Compagnie le Tambour des Limbes
Auteur : d’après le roman de Stanislas Lem
Adaptation : Rémi Prin et Thibault Truffert
Mise en scène : Rémi Prin
Assistant à la mise en scène : Alexis Chevalier
Interprètes : Julie Bulourde, Gabriel Laborde, Thibault Truffert, et Quentin Voinot
Scénographie : Benjamin Gabrié et Suzanne Barbaud
Création sonore : Léo Grise
Costumes : Manon Gesbert et Célia Bardoux

Suite à un message énigmatique de son ami Gibarian séjournant sur la station d’observation gravitant autour de la planète Solaris, le psychologue Kris Kelvin est envoyé en mission sur les lieux.

L’océan protoplasmique recouvrant l’intégralité de la surface de la planète est sujet depuis de nombreuses années à une analyse scientifique poussée dans le but d’établir un contact avec cette forme de vie inconnue.

Dès son arrivée, Kelvin apprend le récent suicide de Gibarian et est confronté au comportement mystérieux des deux autres scientifiques restants, Snaut et Sartorius.

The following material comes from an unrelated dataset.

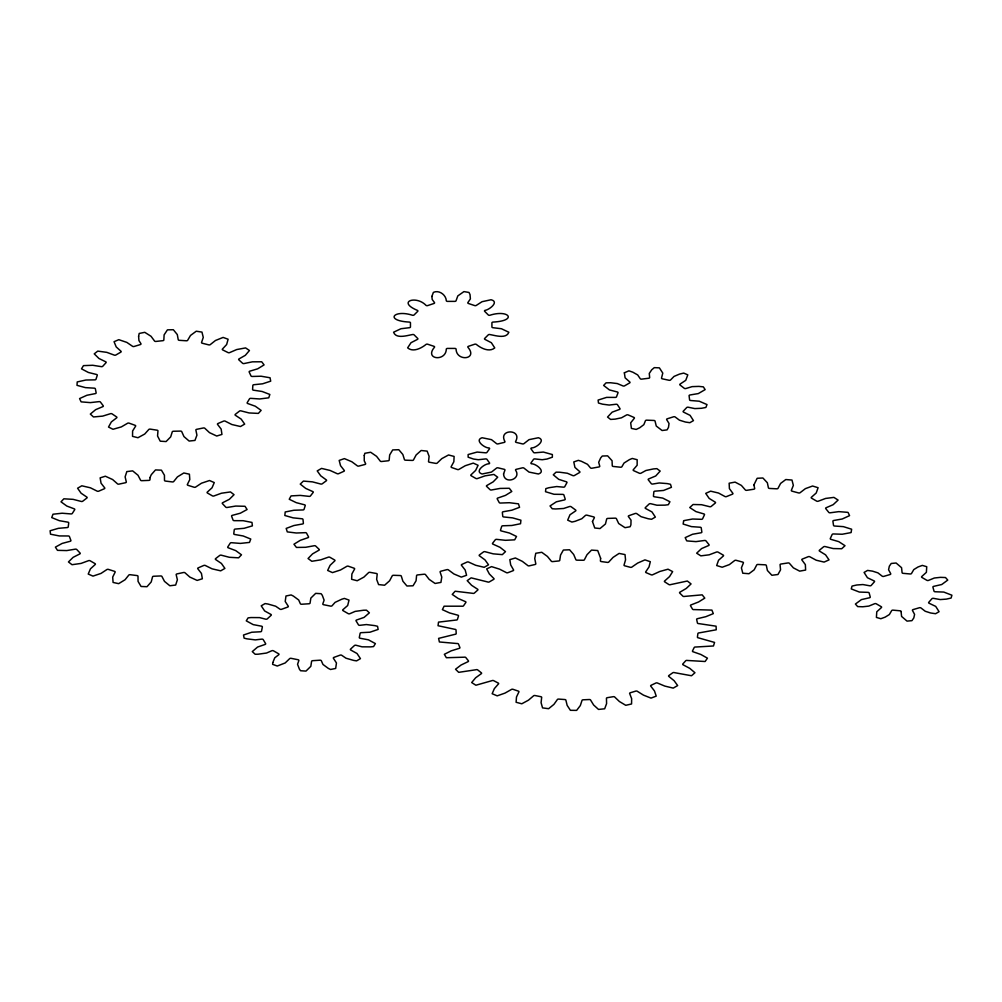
<?xml version="1.0" encoding="UTF-8"?>
<svg xmlns="http://www.w3.org/2000/svg" width="1002" height="1002" viewBox="0 0 1002 1002"><rect width="100%" height="100%" fill="white"/><g stroke="black" fill="none" stroke-linecap="round" stroke-linejoin="round"><path stroke-width="1.5" d="M149.987 477.603L149.987 479.62A1.328 0.764 0 0 1 148.684 480.396L141.971 480.672A1.328 0.764 0 0 1 140.48 480.008L138 475.249L132.64 470.865L126.828 471.591L125.112 476.864L126.277 481.799A1.328 0.764 0 0 1 125.4 482.751L119.088 484.104A1.328 0.764 0 0 1 117.347 483.715L112.637 479.545L105.36 476.213L100.137 477.866L101.052 483.202L104.584 487.736A1.328 0.764 0 0 1 104.208 488.801L98.822 491.13A1.328 0.764 0 0 1 96.956 491.043L90.405 487.799L81.801 485.795L77.592 488.224L81.074 493.197L86.673 496.979A1.328 0.764 0 0 1 86.836 498.057L82.803 501.163A1.328 0.764 0 0 1 80.962 501.376L73.096 499.347L63.865 498.808L61.009 501.827L66.771 506.023L73.998 508.753A1.328 0.764 0 0 1 74.674 509.755L72.319 513.4A1.328 0.764 0 0 1 70.666 513.901L62.124 513.224L53.006 514.214L51.728 517.583L59.318 520.677L67.572 522.105A1.328 0.764 0 0 1 68.712 522.956L68.236 526.839A1.328 0.764 0 0 1 66.896 527.591L58.367 528.33L50.1 530.772L50.526 534.204L59.318 535.932L67.936 535.97A1.328 0.764 0 0 1 69.451 536.609L70.879 540.404A1.328 0.764 0 0 1 69.952 541.343L62.137 543.435L55.398 547.13L57.477 550.348L66.758 550.574L75.037 549.209A1.328 0.764 0 0 1 76.803 549.572L80.035 552.979A1.328 0.764 0 0 1 79.609 554.031L73.133 557.325L68.449 561.947L72.019 564.702L81.037 563.425L88.314 560.757A1.328 0.764 0 0 1 90.193 560.819L94.952 563.562A1.328 0.764 0 0 1 95.052 564.652L90.443 568.848L88.226 574.058L92.986 576.112L101.014 573.42L106.7 569.675A1.328 0.764 0 0 1 108.529 569.437L114.428 571.303A1.328 0.764 0 0 1 115.055 572.317L112.687 577.102L113.088 582.45L118.674 583.652L125.05 579.757L128.682 575.248A1.328 0.764 0 0 1 130.323 574.722L136.898 575.549A1.328 0.764 0 0 1 138 576.426L138.051 581.398L141.057 586.471L146.993 586.709L151.214 581.937L152.504 577.014A1.328 0.764 0 0 1 153.807 576.238L160.52 575.962A1.328 0.764 0 0 1 162.011 576.626L164.491 581.385L169.852 585.769L175.663 585.043L177.379 579.77L176.214 574.847A1.328 0.764 0 0 1 177.091 573.883L183.404 572.53A1.328 0.764 0 0 1 185.145 572.919L189.854 577.089L197.131 580.421L202.354 578.768L201.44 573.432L197.908 568.898A1.328 0.764 0 0 1 198.283 567.833L203.669 565.504A1.328 0.764 0 0 1 205.535 565.604L212.086 568.835L220.69 570.839L224.899 568.41L221.417 563.45L215.818 559.667A1.328 0.764 0 0 1 215.655 558.59L219.689 555.471A1.328 0.764 0 0 1 221.53 555.258L229.395 557.3L238.626 557.826L241.482 554.807L235.72 550.612L228.494 547.894A1.328 0.764 0 0 1 227.817 546.879L230.172 543.234A1.328 0.764 0 0 1 231.825 542.733L240.367 543.41L249.485 542.42L250.763 539.051L243.173 535.97L234.919 534.529A1.328 0.764 0 0 1 233.779 533.678L234.255 529.795A1.328 0.764 0 0 1 235.595 529.043L244.125 528.304L252.391 525.862L251.965 522.43L243.185 520.702L234.556 520.664A1.328 0.764 0 0 1 233.04 520.038L231.612 516.23A1.328 0.764 0 0 1 232.539 515.291L240.355 513.199L247.093 509.517L245.014 506.286L235.733 506.06L227.454 507.425A1.328 0.764 0 0 1 225.688 507.062L222.457 503.655A1.328 0.764 0 0 1 222.882 502.603L229.358 499.309L234.042 494.687L230.473 491.932L221.455 493.222L214.177 495.877A1.328 0.764 0 0 1 212.299 495.815L207.539 493.072A1.328 0.764 0 0 1 207.439 491.982L212.048 487.786L214.265 482.576L209.506 480.522L201.477 483.214L195.791 486.959A1.328 0.764 0 0 1 193.975 487.197L188.063 485.344A1.328 0.764 0 0 1 187.437 484.317L189.804 479.532L189.403 474.184L183.817 472.982L177.442 476.877L173.809 481.386A1.328 0.764 0 0 1 172.169 481.912L165.593 481.085A1.328 0.764 0 0 1 164.491 480.221L164.441 475.236L161.435 470.163L155.498 469.925L151.277 474.697L149.987 477.603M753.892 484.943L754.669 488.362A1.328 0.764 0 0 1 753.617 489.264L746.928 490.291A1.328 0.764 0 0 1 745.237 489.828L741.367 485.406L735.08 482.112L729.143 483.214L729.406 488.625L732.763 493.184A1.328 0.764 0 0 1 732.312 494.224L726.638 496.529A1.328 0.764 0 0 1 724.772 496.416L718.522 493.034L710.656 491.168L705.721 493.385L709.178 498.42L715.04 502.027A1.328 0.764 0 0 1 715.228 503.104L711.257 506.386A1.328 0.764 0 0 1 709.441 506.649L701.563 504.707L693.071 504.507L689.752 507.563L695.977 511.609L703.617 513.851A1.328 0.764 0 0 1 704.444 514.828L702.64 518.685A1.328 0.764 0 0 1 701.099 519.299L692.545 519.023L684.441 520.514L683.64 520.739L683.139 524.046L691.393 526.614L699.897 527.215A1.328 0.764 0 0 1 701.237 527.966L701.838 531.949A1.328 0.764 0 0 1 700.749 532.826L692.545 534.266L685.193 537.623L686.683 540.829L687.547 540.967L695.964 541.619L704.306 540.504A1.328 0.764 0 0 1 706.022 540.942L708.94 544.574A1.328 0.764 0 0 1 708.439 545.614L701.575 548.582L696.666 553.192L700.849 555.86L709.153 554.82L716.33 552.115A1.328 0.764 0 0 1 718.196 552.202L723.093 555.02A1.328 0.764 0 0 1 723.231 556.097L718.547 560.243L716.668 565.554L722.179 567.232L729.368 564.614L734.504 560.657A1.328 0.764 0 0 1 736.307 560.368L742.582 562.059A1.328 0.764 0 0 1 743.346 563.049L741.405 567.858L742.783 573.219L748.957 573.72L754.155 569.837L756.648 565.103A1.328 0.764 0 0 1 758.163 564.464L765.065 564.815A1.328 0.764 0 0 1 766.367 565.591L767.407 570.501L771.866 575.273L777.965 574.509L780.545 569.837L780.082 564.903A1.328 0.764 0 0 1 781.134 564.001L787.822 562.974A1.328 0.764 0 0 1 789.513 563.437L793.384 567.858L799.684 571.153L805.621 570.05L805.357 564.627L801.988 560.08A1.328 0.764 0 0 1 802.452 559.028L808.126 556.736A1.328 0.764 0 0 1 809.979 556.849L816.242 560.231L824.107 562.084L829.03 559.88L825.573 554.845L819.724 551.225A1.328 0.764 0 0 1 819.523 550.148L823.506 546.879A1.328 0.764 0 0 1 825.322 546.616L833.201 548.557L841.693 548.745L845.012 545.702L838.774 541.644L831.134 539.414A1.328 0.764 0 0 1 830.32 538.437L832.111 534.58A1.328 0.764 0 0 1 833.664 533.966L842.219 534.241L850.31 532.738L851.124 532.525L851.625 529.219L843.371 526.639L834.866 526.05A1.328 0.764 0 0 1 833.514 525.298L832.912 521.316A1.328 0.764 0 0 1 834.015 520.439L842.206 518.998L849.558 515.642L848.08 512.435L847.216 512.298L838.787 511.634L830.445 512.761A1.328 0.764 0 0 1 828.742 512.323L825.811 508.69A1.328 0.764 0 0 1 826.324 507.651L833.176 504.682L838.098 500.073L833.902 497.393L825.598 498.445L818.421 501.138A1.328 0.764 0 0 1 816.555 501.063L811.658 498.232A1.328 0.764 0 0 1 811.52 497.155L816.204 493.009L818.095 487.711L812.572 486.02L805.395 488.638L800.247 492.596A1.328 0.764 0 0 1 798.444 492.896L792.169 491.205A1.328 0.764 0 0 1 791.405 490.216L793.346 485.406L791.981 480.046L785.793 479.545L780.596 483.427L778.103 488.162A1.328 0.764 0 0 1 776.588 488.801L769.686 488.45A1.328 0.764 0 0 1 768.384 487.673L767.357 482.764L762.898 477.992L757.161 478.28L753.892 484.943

La présence inexplicable d’individus inconnus à bord de la station sème rapidement la confusion dans l’esprit de Kelvin.

Lorsqu’à son réveil apparaît sa femme, Harey, décédée 10 ans auparavant, il pense sombrer dans la folie.

Il finit par comprendre que la présence de ces «visiteurs» est provoquée par l’océan qui établit un contact en matérialisant les souvenirs ou les fantasmes les plus enfouis dans l’inconscient des trois scientifiques.

Tiraillé entre ses émotions et son devoir scientifique, Kelvin se confronte à l’inconnu qu’il est pour lui-même.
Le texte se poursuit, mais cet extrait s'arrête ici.